Seperti hubunganku denganmu ini. Dengan pertemuan yang tidak pernah kita rencanakan sebelumnya, semua itu karena Tuhanku dan Tuhanmu mengizinkan dan alam semesta mendukung. Meski kini kita tidak lagi bisa bersama, dalam hatiku masih muncul pertanyaan "mengapa harus bertemu jika aku tak diizinkan bersatu" atau "mengapa Tuhan menumbuhkan rasa jika harus berpisah pada akhirnya?"
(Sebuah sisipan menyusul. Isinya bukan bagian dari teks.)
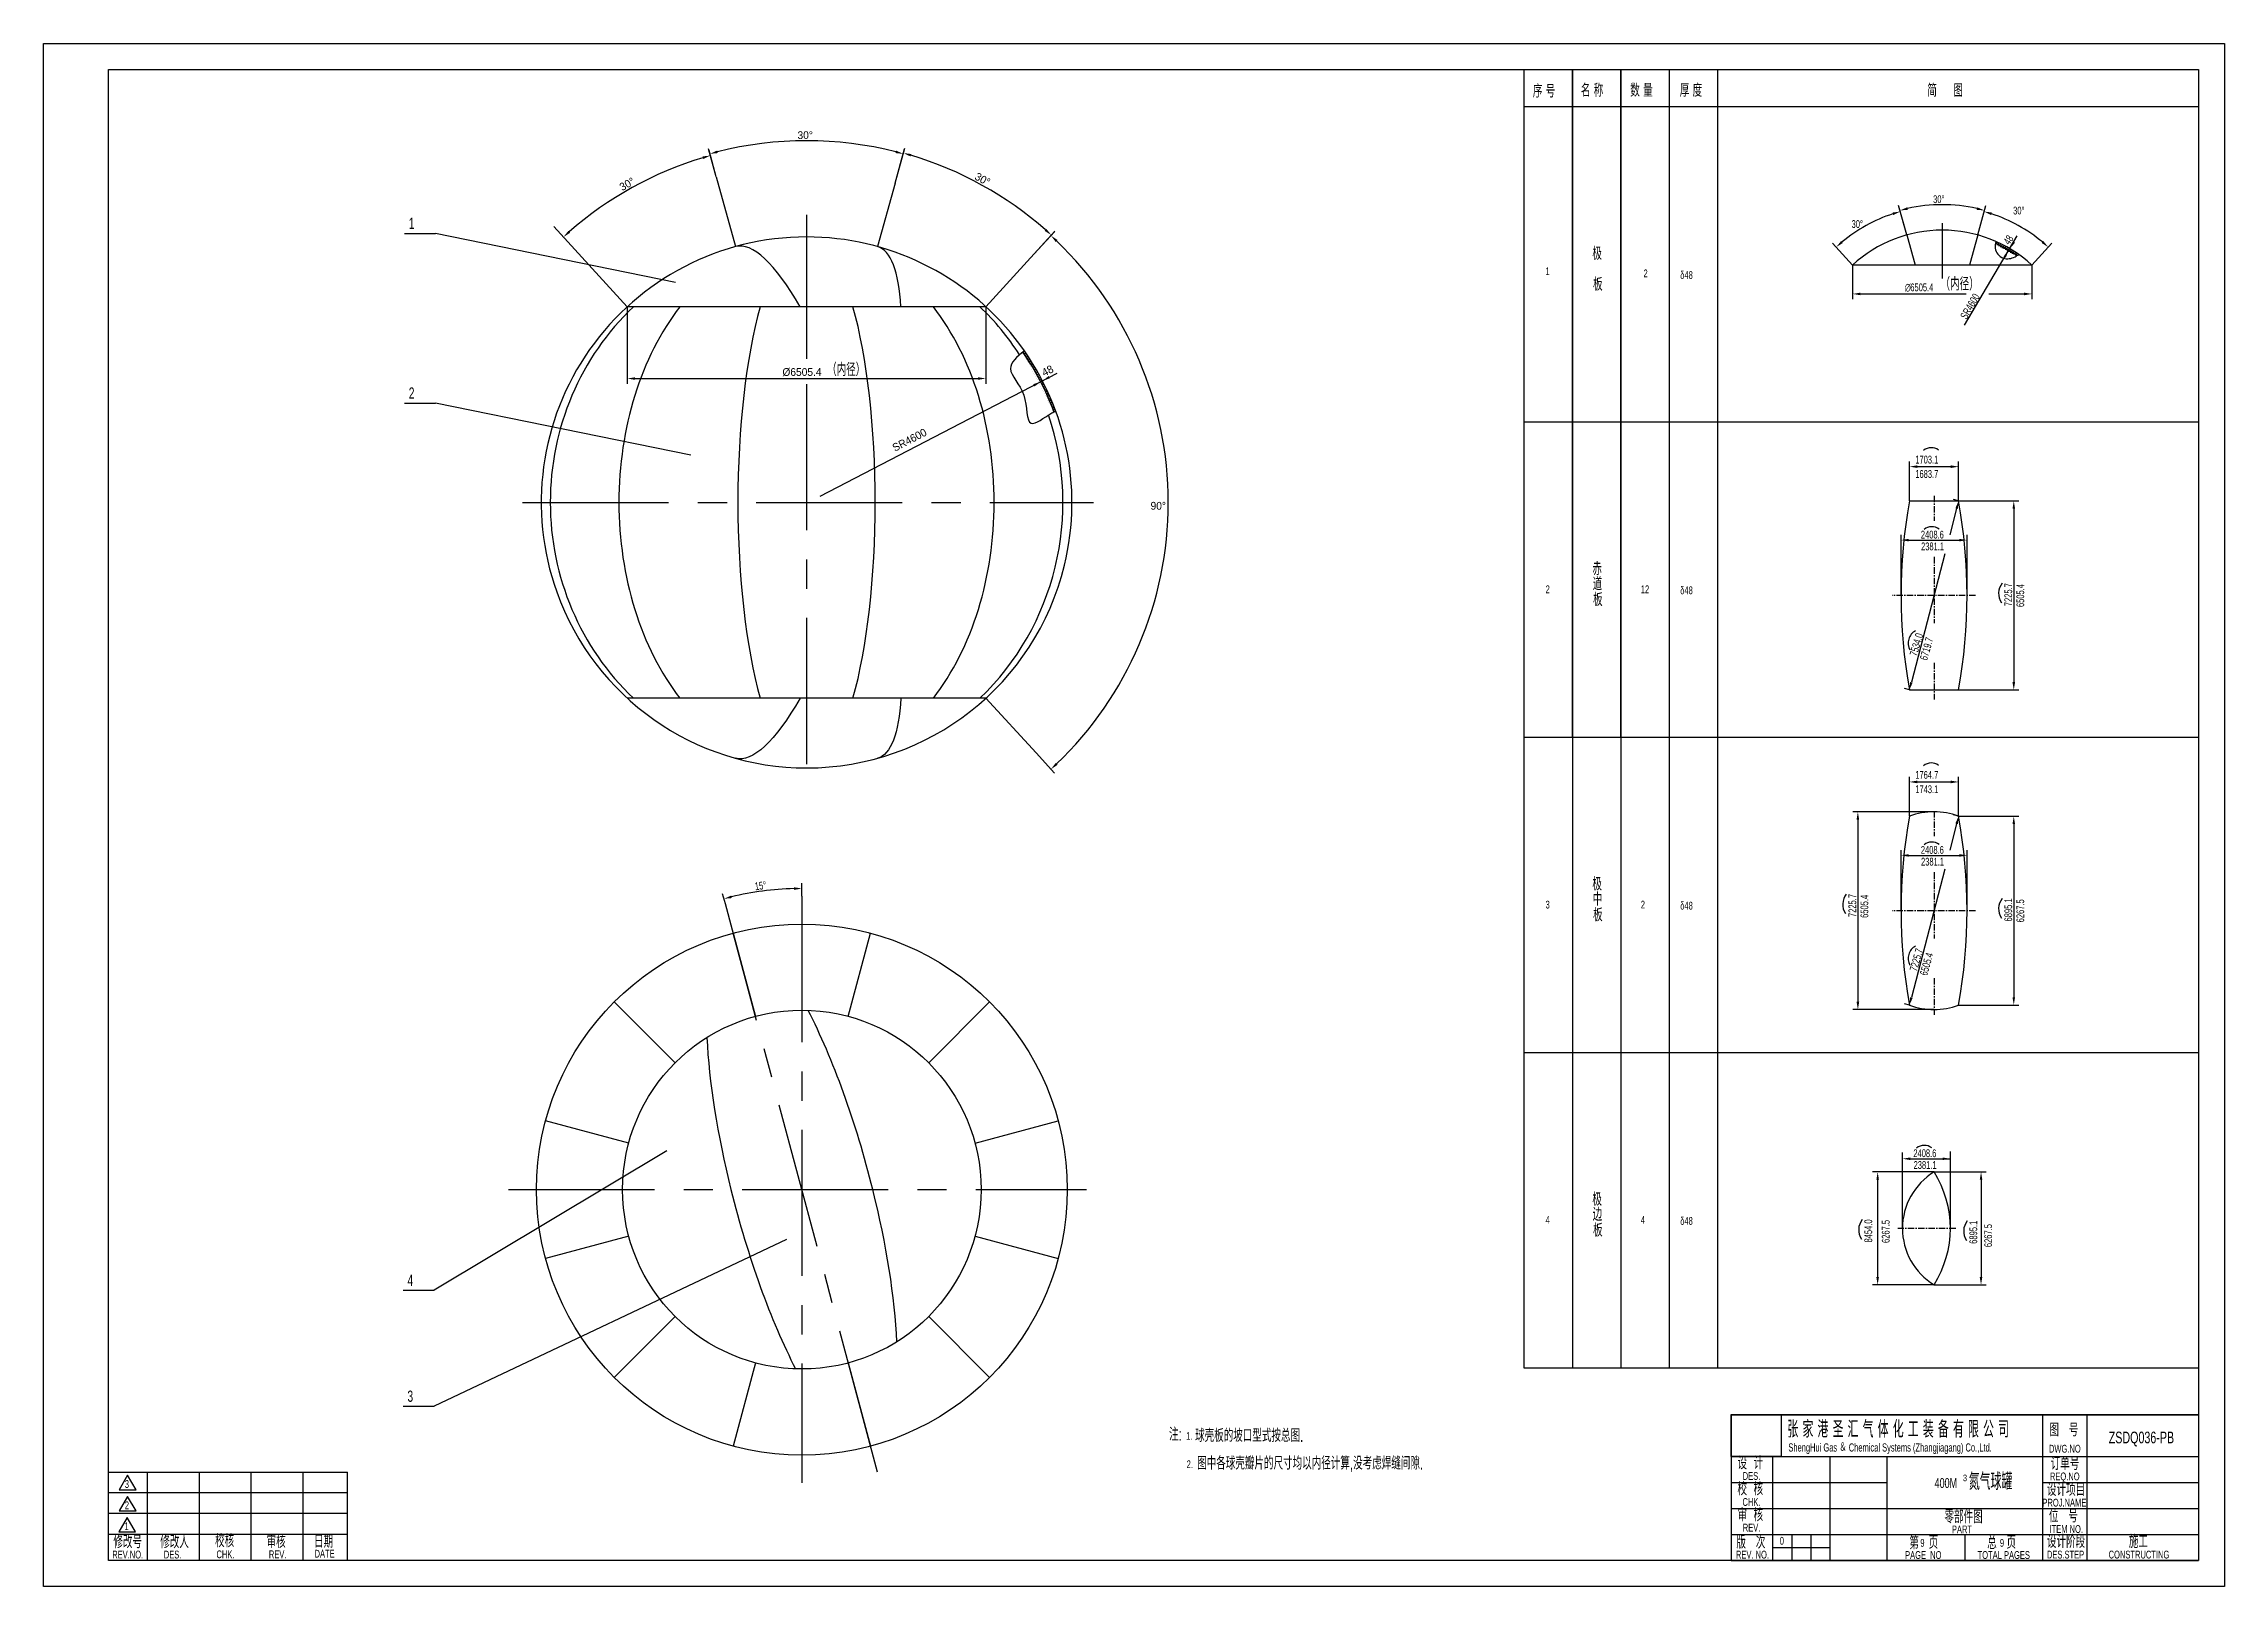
# Model space of a CAD drawing. Header units: millimetres. Extents: x 498745 to 743872, y 17439 to 118325.
# Drawn here: x 569013 to 606813, y 60461 to 87191 of the extents above; entities that cross this region are included whole.
import ezdxf

# ---------------------------------------------------------------- set-up
doc = ezdxf.new("R2010")
doc.units = ezdxf.units.MM
doc.header["$LTSCALE"] = 45
doc.linetypes.add('CENTER', pattern=[2, 1.25, -0.25, 0.25, -0.25])
doc.styles.add('HGCAD', font='HGCAD.SHX', dxfattribs={"width": 0.75, "bigfont": 'HGCADHZ.SHX'})
picture_1 = doc.add_image_def('image1.jpg', size_in_pixel=(195, 162))

# ---------------------------------------------------------------- blocks, each defined once
blk = doc.blocks.new('xgl')
at = {"color": 4, "linetype": 'Continuous'}
for p, q in [((0, 34), (92, 34)), ((0, 0), (0, 34)), ((92, 0), (92, 34)), ((92, 0), (0, 0))]:
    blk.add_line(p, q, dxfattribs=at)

Hari - hari tanpa menerima kabar darimu membiasakan aku menjadi aku yang tanpamu. Aku berusaha meneruskan hidup tanpa mengutuk pertemuan dan perpisahan yang terjadi antara kita.Kamu memilih pergi dan menjauh dengan aasan untuk kebaikan kita berdua. Kamu memintaku agar terus bahagia walau harus melanjutkan hubungan ini, mendoakanku agar aku mendapatkan yang lebih darimu. Tanpa pernah kamu tahu, bahwa sesungguhnya aku tidak mau tau atas semua alasanmu karena yang ku mau itu kamu.
Aku tak ingin memaksamu.
Tak ingin memenahan kepergianmu.
Terima kasih telah memilihku sebelumnya.
Perpisahan mengajarkanku pentingnya sebuah pertemuan.
Perpisahan ini bukan berarti akhir dari hidup, namun ini adalah kesempatan untuk menutup kisah lama dan membuka lembaran baru.
Terima kasih sudah memutuskan terlepas, daripada kita berdua nantinya tidak bebas. Terima kasih sudah memberiku kesempatan untuk lebih peduli dengan diriku sendiri. Terima kasih sudah memutuskan pergi sekarang dan membiarkanku menemukan bahagiaku.
Berada dalam ikatan yang salah dan tanpa arah itu bukan akhir yang indah. Semoga Allah memberikan kita seseorang yang tulus mencintai dan saling melengkapi.